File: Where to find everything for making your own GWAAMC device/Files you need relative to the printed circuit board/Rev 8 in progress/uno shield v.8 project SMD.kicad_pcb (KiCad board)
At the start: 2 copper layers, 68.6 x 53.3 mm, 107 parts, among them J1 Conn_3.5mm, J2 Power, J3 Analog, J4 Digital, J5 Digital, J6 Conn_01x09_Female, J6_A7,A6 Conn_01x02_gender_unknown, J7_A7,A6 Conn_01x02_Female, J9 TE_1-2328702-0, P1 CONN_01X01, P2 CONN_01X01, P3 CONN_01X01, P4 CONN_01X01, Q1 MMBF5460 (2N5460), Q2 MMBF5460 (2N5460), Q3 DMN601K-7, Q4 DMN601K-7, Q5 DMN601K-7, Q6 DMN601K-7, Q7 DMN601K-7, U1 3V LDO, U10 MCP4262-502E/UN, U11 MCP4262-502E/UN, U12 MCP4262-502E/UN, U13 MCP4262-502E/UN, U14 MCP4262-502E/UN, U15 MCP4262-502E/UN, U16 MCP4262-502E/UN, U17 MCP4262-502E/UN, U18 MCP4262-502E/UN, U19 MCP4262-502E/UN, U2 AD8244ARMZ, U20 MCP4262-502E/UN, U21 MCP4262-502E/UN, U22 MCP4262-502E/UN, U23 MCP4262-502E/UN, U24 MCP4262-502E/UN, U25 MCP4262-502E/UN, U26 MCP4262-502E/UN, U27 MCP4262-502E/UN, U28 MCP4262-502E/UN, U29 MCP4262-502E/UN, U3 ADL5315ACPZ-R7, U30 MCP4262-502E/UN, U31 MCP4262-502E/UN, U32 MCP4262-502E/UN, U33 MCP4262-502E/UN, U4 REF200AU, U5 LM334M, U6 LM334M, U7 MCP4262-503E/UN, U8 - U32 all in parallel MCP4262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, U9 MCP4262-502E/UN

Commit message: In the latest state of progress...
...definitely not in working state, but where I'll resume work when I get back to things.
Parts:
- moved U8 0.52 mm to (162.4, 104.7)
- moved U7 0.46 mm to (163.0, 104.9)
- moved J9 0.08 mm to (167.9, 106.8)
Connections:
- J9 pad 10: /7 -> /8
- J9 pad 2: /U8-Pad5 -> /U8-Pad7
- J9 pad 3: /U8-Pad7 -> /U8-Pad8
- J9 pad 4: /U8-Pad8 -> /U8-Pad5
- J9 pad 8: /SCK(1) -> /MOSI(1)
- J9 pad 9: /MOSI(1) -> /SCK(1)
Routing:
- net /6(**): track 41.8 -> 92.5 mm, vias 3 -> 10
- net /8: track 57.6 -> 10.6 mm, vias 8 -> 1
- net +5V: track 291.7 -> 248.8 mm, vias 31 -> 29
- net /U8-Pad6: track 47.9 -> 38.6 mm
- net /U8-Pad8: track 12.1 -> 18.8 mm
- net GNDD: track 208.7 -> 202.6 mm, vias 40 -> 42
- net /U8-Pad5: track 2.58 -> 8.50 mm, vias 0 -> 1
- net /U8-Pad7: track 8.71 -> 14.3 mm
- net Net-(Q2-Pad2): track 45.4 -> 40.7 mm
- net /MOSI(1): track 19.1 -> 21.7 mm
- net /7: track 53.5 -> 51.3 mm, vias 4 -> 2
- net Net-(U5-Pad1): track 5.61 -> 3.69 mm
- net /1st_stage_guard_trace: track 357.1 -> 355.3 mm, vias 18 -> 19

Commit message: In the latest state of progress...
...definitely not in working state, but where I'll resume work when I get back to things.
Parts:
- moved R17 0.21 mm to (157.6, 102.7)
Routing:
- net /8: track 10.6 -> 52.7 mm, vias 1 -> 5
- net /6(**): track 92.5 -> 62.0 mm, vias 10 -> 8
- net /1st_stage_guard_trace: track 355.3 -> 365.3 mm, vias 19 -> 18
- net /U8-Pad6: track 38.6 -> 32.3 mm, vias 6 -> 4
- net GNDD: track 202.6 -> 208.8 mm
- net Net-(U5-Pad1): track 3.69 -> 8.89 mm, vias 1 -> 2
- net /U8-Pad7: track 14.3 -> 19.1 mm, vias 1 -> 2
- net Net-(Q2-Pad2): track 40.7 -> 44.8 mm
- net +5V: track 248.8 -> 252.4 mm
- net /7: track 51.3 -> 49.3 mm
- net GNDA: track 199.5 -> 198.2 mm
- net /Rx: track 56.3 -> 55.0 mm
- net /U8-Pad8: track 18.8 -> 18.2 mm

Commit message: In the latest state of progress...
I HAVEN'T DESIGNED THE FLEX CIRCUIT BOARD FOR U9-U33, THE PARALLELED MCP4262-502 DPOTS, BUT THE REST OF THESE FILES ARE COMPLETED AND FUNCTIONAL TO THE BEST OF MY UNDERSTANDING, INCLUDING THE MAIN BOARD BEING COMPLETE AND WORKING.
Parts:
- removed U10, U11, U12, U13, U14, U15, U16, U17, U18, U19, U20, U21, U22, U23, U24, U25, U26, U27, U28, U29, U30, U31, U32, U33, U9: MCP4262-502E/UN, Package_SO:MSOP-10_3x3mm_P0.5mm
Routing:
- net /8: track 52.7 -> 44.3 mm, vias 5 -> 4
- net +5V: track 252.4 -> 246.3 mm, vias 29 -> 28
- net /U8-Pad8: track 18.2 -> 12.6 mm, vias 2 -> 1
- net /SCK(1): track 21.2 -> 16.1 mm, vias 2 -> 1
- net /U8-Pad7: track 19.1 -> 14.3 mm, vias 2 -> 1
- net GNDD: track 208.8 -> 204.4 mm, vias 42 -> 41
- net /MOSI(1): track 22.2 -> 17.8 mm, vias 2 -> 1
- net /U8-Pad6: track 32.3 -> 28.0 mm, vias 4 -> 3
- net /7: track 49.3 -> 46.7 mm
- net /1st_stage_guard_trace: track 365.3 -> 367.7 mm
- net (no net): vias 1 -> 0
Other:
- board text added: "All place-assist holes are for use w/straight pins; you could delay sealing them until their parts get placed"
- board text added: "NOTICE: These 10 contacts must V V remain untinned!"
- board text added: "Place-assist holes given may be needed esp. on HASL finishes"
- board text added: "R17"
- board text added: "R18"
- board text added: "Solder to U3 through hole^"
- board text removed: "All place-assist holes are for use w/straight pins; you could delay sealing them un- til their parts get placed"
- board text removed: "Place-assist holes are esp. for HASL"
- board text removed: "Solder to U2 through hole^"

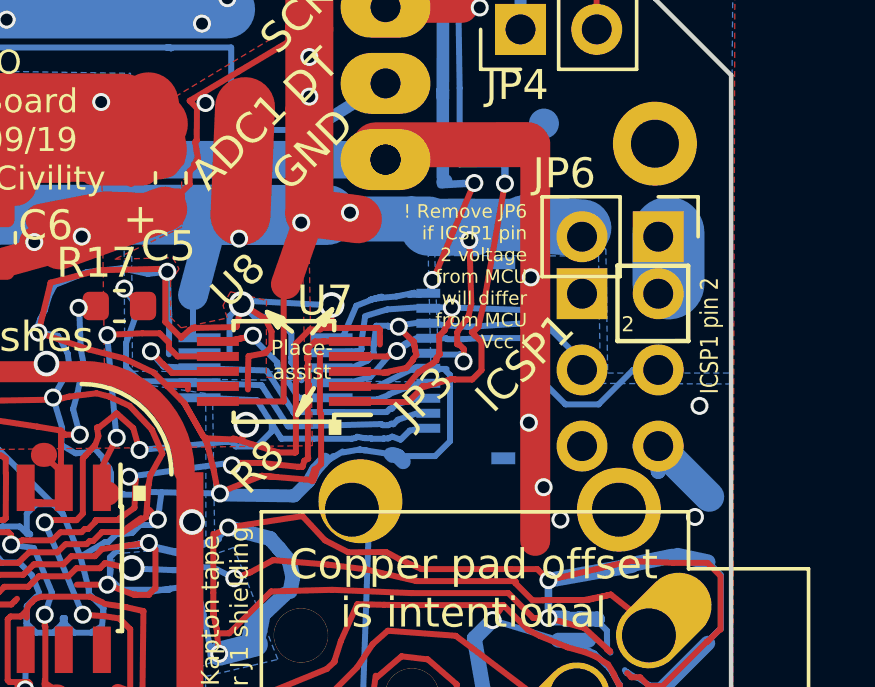
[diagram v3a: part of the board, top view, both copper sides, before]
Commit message: Untested while awaiting bare PCB boards....
These KiCad and zipped gerber files are fully designed but not yet tested while I await the bare boards on order now.  I'm estimating mid- to late-October will see the final evaluation of operation of the entire device.  Shortly after that, I would expect to demonstrate its concepts and operation via YouTube and personal travel.
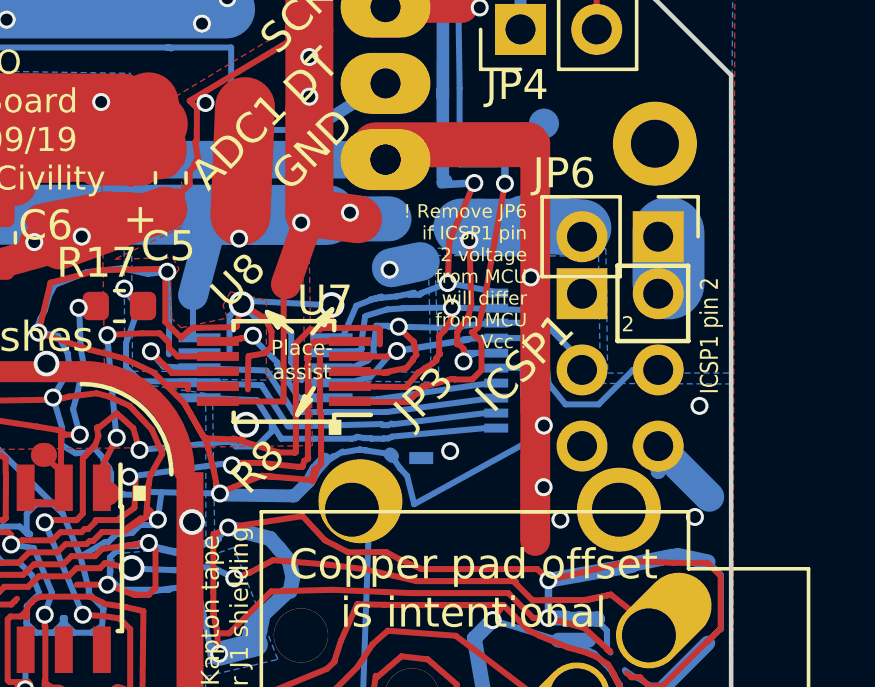
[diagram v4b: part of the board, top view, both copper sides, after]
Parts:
- moved J9 5.04 mm to (170.1, 102.3), turned to 90 degrees
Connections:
- ICSP1 pad 1: (no net) -> Net-(ICSP1-Pad1)
- ICSP1 pad 5: (no net) -> Net-(ICSP1-Pad5)
- J1 pad R: (no net) -> Net-(J1-PadR)
- J1 pad TN: (no net) -> Net-(J1-PadTN)
- J2 pad 2: (no net) -> Net-(J2-Pad2)
- J2 pad 3: (no net) -> Net-(J2-Pad3)
- J2 pad 4: (no net) -> Net-(J2-Pad4)
- J2 pad 8: (no net) -> Net-(J2-Pad8)
- J3 pad 5: (no net) -> Net-(J3-Pad5)
- J3 pad 6: (no net) -> Net-(J3-Pad6)
- J4 pad 1: (no net) -> Net-(J4-Pad1)
- J4 pad 2: (no net) -> Net-(J4-Pad2)
- J4 pad 3: (no net) -> Net-(J4-Pad3)
- J4 pad 5: (no net) -> Net-(J4-Pad5)
- J4 pad 6: (no net) -> Net-(J4-Pad6)
- J4 pad 7: (no net) -> Net-(J4-Pad7)
- J4 pad 8: (no net) -> Net-(J4-Pad8)
- J4 pad 9: (no net) -> Net-(J4-Pad9)
- J5 pad 4: (no net) -> Net-(J5-Pad4)
- J6 pad 9: (no net) -> Net-(J6-Pad9)
- J9 pad 1: /U8-Pad6 -> /8
- J9 pad 10: /8 -> /U8-Pad6
- J9 pad 2: /U8-Pad7 -> /SCK(1)
- J9 pad 3: /U8-Pad8 -> /MOSI(1)
- J9 pad 4: /U8-Pad5 -> GNDD
- J9 pad 5: /1st_stage_guard_trace -> +5V
- J9 pad 6: +5V -> /1st_stage_guard_trace
- J9 pad 7: GNDD -> /U8-Pad5
- J9 pad 8: /MOSI(1) -> /U8-Pad8
- J9 pad 9: /SCK(1) -> /U8-Pad7
- JP10 pad 3: (no net) -> Net-(JP10-Pad3)
- JP11 pad 3: (no net) -> Net-(JP11-Pad3)
- JP8 pad 3: (no net) -> Net-(JP8-Pad3)
- JP9 pad 3: (no net) -> Net-(JP9-Pad3)
- P1 pad 1: (no net) -> Net-(P1-Pad1)
- P2 pad 1: (no net) -> Net-(P2-Pad1)
- P3 pad 1: (no net) -> Net-(P3-Pad1)
- P4 pad 1: (no net) -> Net-(P4-Pad1)
- U3 pad 3: (no net) -> Net-(U3-Pad3)
- U4 pad 6: (no net) -> Net-(U4-Pad6)
- U7 pad 9: (no net) -> Net-(U7-Pad9)
- U8 pad 9: (no net) -> Net-(U8-Pad9)
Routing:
- net /U8-Pad6: track 28.0 -> 30.2 mm
- net /U8-Pad5: track 8.74 -> 10.9 mm
- net /U8-Pad7: track 14.3 -> 16.5 mm
- net /1st_stage_guard_trace: track 367.7 -> 369.9 mm
- net /8: track 44.3 -> 46.4 mm
- net /U8-Pad8: track 12.6 -> 14.4 mm
- net GNDD: track 204.4 -> 205.5 mm, vias 41 -> 43
- net +5V: track 246.3 -> 245.5 mm

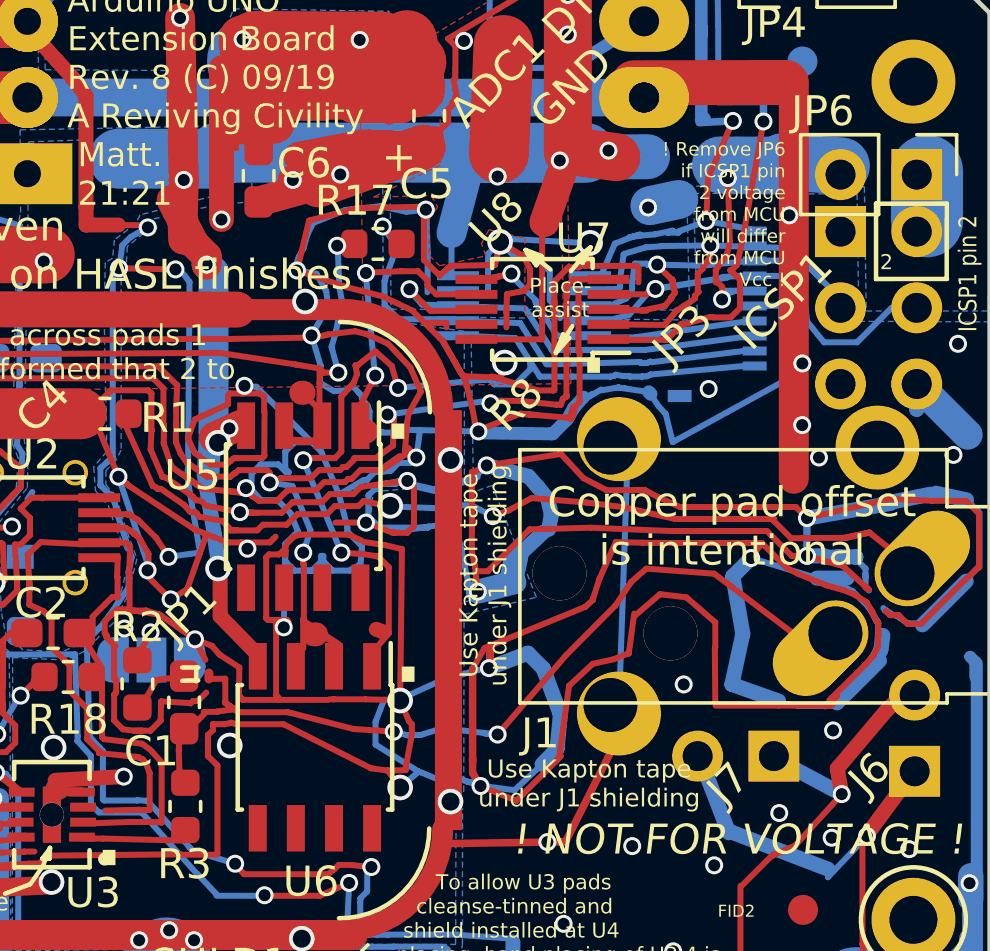
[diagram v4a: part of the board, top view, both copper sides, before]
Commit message: Untested while awaiting bare PCB boards...
These KiCad and zipped gerber files are fully designed but not yet tested while I await the bare boards on order now.  I'm estimating mid- to late-October will see the final evaluation of operation of the entire device.  Shortly after that, I would expect to demonstrate its concepts and operation via YouTube and personal travel.
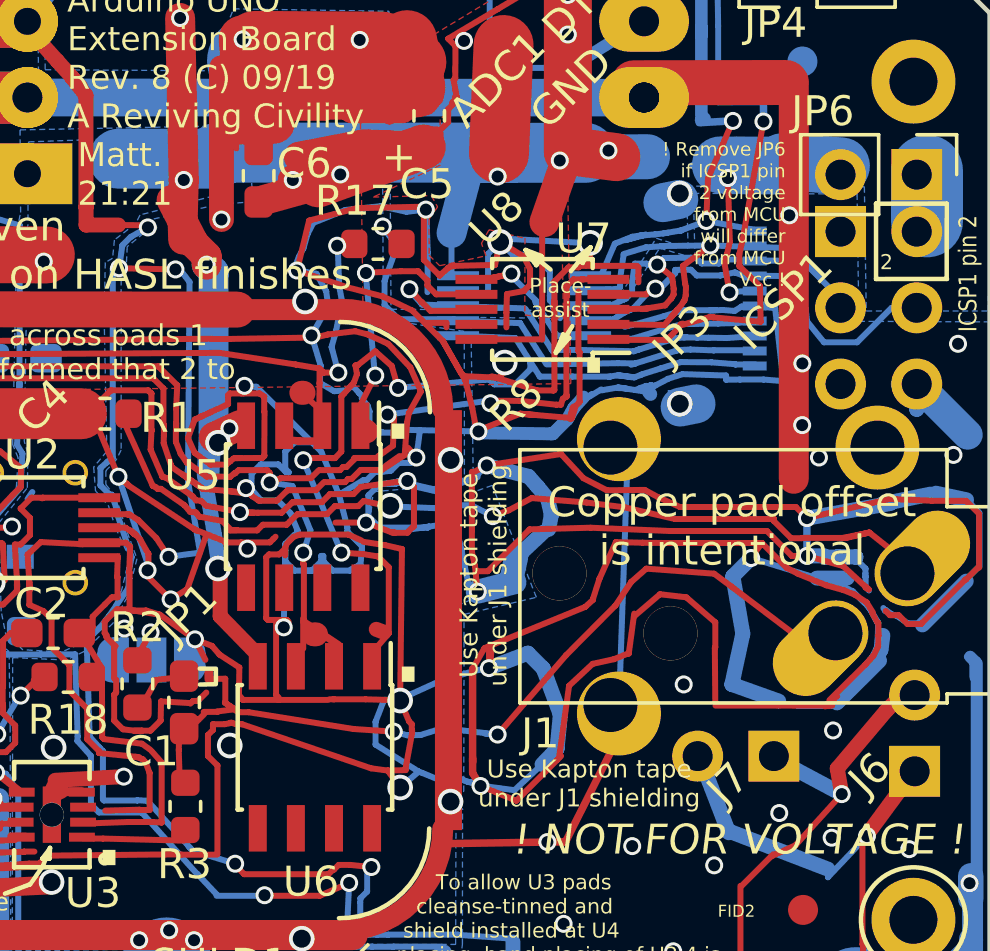
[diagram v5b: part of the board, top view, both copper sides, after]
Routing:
- net /1st_stage_guard_trace: track 369.9 -> 373.4 mm
- net /U8-Pad5: track 10.9 -> 12.0 mm
- net +5V: track 245.5 -> 244.4 mm
- net /7: track 46.7 -> 47.6 mm
- net GNDD: track 205.5 -> 206.3 mm
- net /U8-Pad6: track 30.2 -> 30.8 mm
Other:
- board text added: "NOTICE: These 2 support contacts must get soldered through and through to other <-- board side-->"
- board text removed: "NOTICE: These 10 contacts must V V remain untinned!"
★ ★ ★ ★ ★
- **WORK REQUIRED**:
Report each line above containing the string "awaiting".

- **REPLY TO THE TASK**:
Commit message: Untested while awaiting bare PCB boards....
Commit message: Untested while awaiting bare PCB boards...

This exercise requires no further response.